> _ENTRIES SHOWN_
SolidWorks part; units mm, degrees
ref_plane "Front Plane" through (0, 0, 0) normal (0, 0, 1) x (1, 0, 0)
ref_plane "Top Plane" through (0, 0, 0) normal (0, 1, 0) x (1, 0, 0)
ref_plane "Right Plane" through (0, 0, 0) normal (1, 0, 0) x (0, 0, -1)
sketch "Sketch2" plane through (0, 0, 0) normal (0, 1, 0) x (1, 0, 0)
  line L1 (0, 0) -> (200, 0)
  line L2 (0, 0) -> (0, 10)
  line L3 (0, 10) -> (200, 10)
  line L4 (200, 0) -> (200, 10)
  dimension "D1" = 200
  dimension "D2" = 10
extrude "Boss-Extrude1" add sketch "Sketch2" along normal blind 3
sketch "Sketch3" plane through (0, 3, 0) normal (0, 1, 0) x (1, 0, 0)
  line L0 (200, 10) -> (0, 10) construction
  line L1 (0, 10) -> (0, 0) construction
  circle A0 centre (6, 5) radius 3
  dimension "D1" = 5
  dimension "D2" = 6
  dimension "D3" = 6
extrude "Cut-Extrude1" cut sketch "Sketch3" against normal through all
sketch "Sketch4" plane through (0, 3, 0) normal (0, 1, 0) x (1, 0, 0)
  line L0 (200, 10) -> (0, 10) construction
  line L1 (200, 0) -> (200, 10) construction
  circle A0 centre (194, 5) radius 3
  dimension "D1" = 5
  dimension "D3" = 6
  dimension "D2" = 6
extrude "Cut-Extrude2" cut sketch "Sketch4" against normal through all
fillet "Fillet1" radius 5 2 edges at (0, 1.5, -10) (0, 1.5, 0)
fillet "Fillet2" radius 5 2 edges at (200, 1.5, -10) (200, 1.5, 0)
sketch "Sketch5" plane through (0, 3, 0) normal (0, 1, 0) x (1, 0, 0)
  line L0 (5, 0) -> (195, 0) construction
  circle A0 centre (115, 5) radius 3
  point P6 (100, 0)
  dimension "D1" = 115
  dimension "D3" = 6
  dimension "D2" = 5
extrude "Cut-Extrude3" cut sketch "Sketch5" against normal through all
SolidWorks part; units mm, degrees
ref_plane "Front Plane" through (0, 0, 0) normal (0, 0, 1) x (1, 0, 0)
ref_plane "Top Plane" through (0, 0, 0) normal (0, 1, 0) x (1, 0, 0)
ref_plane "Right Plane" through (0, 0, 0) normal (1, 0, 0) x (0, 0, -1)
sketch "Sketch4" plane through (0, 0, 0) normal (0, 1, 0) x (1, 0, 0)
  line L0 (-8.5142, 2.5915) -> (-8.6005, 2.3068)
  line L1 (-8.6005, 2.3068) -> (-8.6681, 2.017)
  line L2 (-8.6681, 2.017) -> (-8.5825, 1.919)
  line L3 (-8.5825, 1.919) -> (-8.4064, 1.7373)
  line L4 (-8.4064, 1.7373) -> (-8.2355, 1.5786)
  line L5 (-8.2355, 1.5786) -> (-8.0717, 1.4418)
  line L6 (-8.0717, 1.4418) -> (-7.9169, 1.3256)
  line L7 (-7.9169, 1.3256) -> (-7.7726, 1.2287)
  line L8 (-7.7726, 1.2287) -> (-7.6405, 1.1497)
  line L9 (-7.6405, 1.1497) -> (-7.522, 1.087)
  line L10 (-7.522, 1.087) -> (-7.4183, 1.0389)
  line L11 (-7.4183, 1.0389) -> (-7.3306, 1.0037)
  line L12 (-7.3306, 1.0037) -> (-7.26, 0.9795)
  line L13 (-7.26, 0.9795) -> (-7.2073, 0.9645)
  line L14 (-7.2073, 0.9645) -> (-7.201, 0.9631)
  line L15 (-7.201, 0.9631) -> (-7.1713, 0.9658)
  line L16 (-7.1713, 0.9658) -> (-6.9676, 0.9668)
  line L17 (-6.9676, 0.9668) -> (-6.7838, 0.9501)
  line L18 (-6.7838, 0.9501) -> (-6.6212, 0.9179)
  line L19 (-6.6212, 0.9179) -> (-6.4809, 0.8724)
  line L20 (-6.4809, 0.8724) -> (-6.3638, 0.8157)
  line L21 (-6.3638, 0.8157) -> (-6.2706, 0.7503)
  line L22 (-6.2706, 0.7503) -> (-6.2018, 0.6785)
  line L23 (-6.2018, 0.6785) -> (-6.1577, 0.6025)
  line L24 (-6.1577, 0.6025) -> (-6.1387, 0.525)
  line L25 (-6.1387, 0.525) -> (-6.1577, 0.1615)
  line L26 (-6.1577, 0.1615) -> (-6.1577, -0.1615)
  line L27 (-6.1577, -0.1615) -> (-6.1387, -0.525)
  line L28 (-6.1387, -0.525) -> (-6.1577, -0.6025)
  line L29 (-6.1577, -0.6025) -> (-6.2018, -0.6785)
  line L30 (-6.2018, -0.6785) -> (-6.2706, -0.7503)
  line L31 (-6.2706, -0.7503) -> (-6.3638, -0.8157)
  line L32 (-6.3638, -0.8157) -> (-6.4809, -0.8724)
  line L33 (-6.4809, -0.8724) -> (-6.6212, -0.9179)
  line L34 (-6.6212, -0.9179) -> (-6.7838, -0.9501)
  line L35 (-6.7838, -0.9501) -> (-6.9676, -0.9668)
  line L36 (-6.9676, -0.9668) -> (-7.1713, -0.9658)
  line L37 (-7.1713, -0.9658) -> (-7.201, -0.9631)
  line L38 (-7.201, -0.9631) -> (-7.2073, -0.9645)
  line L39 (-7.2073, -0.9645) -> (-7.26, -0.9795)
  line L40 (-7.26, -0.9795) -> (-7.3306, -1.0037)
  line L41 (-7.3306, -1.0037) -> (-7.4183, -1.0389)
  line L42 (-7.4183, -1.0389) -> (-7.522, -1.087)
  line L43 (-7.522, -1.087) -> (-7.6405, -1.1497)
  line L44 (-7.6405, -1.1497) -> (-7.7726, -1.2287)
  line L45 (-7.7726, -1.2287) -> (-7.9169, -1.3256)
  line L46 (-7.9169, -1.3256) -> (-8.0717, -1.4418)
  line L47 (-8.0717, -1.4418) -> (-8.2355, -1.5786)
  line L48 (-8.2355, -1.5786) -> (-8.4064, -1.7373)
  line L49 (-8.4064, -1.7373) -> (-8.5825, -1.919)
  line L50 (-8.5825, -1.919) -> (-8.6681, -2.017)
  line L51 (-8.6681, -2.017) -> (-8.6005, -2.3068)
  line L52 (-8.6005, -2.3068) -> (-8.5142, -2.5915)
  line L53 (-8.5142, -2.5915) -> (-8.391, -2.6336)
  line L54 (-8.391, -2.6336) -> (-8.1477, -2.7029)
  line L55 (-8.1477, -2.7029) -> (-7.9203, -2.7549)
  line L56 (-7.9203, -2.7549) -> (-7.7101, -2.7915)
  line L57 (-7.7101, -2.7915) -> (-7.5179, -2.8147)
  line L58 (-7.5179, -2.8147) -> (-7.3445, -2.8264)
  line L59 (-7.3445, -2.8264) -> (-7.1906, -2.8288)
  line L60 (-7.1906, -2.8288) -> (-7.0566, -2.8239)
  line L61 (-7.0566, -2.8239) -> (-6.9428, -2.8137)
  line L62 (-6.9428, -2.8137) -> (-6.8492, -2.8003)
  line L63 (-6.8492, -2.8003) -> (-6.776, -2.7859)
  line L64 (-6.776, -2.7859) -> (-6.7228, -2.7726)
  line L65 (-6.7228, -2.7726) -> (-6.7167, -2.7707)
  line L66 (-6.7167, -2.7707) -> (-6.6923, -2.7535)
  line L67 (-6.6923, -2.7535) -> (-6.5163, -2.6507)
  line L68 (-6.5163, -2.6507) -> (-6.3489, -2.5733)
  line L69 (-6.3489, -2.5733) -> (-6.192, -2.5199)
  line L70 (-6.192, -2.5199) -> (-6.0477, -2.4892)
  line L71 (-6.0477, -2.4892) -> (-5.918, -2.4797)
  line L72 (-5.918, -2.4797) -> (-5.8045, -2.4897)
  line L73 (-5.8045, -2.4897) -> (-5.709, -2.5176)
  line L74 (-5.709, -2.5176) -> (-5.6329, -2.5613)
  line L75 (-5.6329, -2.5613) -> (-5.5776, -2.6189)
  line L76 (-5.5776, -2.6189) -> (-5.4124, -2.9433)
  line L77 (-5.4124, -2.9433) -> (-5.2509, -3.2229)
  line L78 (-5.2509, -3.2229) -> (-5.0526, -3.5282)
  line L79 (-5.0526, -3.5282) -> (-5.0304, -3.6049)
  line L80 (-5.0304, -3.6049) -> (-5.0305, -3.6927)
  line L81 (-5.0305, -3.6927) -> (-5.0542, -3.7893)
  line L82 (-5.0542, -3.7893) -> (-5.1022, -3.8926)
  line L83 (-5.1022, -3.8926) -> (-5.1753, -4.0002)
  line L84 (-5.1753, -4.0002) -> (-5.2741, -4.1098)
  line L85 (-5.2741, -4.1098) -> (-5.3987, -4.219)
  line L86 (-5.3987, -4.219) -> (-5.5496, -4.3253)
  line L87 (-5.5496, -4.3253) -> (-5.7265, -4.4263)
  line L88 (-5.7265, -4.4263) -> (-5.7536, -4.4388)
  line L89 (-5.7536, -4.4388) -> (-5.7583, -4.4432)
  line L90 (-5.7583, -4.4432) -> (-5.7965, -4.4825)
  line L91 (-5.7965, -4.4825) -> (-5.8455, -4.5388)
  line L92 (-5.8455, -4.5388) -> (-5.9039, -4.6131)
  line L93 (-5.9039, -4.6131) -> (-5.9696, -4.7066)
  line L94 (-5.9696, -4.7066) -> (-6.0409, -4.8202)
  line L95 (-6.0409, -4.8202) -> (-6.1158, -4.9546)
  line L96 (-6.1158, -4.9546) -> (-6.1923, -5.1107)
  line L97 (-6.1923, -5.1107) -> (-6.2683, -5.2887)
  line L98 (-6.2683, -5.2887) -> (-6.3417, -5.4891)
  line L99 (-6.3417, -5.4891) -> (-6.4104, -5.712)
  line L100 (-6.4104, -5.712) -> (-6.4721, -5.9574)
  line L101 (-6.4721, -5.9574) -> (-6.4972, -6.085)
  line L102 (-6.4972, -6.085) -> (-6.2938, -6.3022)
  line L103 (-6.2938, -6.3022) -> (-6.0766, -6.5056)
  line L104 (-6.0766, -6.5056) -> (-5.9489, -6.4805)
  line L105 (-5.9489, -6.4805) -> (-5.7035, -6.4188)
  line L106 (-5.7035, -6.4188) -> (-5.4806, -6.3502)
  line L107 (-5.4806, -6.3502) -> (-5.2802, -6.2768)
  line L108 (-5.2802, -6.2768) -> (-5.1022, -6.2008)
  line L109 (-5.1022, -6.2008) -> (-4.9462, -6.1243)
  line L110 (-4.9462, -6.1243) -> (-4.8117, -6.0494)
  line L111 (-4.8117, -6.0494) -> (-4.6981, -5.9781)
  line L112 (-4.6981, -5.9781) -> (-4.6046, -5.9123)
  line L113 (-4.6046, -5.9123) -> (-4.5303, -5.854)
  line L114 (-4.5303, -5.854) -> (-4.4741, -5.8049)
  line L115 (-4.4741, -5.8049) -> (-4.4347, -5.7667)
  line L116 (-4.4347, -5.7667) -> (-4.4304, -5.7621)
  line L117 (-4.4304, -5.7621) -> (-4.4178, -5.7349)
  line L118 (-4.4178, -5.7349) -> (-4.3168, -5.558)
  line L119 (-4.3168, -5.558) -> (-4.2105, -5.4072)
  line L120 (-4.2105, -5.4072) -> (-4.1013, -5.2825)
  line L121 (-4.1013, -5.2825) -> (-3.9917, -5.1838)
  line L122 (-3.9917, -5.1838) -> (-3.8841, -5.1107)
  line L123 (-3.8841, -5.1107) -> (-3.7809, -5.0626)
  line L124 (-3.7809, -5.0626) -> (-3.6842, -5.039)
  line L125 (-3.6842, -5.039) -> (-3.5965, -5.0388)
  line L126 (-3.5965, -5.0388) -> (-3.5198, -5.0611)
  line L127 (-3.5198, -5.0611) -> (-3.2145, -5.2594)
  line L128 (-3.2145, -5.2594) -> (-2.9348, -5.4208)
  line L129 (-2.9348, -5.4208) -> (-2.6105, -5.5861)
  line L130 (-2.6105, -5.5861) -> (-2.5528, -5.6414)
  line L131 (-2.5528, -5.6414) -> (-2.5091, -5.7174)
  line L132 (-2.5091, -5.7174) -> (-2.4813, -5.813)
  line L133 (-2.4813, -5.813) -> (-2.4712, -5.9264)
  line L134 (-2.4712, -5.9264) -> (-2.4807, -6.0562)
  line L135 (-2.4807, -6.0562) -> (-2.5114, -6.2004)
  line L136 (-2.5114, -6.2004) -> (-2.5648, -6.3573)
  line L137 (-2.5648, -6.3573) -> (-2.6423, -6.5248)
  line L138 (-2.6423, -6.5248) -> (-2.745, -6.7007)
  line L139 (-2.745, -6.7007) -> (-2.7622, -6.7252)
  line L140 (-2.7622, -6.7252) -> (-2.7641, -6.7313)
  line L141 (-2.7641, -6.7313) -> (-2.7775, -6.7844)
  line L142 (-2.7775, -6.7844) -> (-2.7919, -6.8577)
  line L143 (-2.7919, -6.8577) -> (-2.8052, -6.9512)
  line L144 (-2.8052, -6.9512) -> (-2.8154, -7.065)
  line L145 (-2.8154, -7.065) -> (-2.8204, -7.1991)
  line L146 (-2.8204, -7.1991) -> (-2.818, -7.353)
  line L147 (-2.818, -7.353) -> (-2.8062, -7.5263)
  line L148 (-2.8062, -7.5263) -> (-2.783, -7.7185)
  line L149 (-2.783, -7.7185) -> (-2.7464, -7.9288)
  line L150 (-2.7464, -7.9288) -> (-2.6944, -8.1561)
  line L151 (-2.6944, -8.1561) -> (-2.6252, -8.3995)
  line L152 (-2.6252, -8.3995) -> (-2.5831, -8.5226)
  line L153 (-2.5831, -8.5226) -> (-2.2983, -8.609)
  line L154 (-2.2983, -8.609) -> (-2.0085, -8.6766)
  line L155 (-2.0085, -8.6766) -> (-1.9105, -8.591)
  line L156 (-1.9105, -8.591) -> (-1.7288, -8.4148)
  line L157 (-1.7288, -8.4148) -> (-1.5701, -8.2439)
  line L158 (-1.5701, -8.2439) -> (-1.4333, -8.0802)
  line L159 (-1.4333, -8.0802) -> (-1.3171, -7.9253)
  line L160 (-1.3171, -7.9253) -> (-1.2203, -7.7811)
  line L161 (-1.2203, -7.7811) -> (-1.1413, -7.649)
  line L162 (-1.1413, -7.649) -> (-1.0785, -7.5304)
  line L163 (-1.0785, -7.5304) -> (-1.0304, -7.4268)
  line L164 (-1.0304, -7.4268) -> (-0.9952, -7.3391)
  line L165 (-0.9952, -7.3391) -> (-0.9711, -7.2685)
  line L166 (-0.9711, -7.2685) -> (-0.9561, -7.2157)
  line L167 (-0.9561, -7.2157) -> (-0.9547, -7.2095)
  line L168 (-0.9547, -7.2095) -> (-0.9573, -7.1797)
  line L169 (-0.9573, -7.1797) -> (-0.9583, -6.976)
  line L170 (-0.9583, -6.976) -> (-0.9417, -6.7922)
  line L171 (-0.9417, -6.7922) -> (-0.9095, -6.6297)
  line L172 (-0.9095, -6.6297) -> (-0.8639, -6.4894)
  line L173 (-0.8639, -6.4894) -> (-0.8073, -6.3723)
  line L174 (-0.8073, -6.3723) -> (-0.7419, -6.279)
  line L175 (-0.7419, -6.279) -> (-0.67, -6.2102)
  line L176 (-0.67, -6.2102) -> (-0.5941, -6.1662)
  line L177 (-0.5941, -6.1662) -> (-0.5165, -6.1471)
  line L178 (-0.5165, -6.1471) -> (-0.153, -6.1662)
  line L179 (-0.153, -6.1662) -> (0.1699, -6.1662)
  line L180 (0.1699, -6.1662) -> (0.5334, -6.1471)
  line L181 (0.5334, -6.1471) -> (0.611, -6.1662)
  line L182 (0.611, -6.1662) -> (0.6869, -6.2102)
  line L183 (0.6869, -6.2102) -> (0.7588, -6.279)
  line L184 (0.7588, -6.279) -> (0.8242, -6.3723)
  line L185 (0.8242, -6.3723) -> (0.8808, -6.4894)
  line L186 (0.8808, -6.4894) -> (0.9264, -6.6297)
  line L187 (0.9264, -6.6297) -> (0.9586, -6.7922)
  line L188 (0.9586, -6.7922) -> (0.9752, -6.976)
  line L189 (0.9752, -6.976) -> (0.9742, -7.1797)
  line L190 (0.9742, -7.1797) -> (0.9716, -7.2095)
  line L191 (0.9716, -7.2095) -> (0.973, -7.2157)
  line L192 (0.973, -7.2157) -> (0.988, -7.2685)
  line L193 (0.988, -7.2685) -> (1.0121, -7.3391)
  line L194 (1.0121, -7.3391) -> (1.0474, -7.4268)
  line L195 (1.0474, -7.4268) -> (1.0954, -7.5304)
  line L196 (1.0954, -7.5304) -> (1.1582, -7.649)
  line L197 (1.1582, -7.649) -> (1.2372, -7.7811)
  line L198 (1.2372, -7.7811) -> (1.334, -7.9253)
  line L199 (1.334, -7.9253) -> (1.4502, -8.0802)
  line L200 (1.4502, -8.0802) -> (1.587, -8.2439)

> _TASK DESCRIPTION_
Search the data above for lines holding "radius" and copy each of them.

> _RESULT OF THE TASK_
  circle A0 centre (6, 5) radius 3
  circle A0 centre (194, 5) radius 3
fillet "Fillet1" radius 5 2 edges at (0, 1.5, -10) (0, 1.5, 0)
fillet "Fillet2" radius 5 2 edges at (200, 1.5, -10) (200, 1.5, 0)
  circle A0 centre (115, 5) radius 3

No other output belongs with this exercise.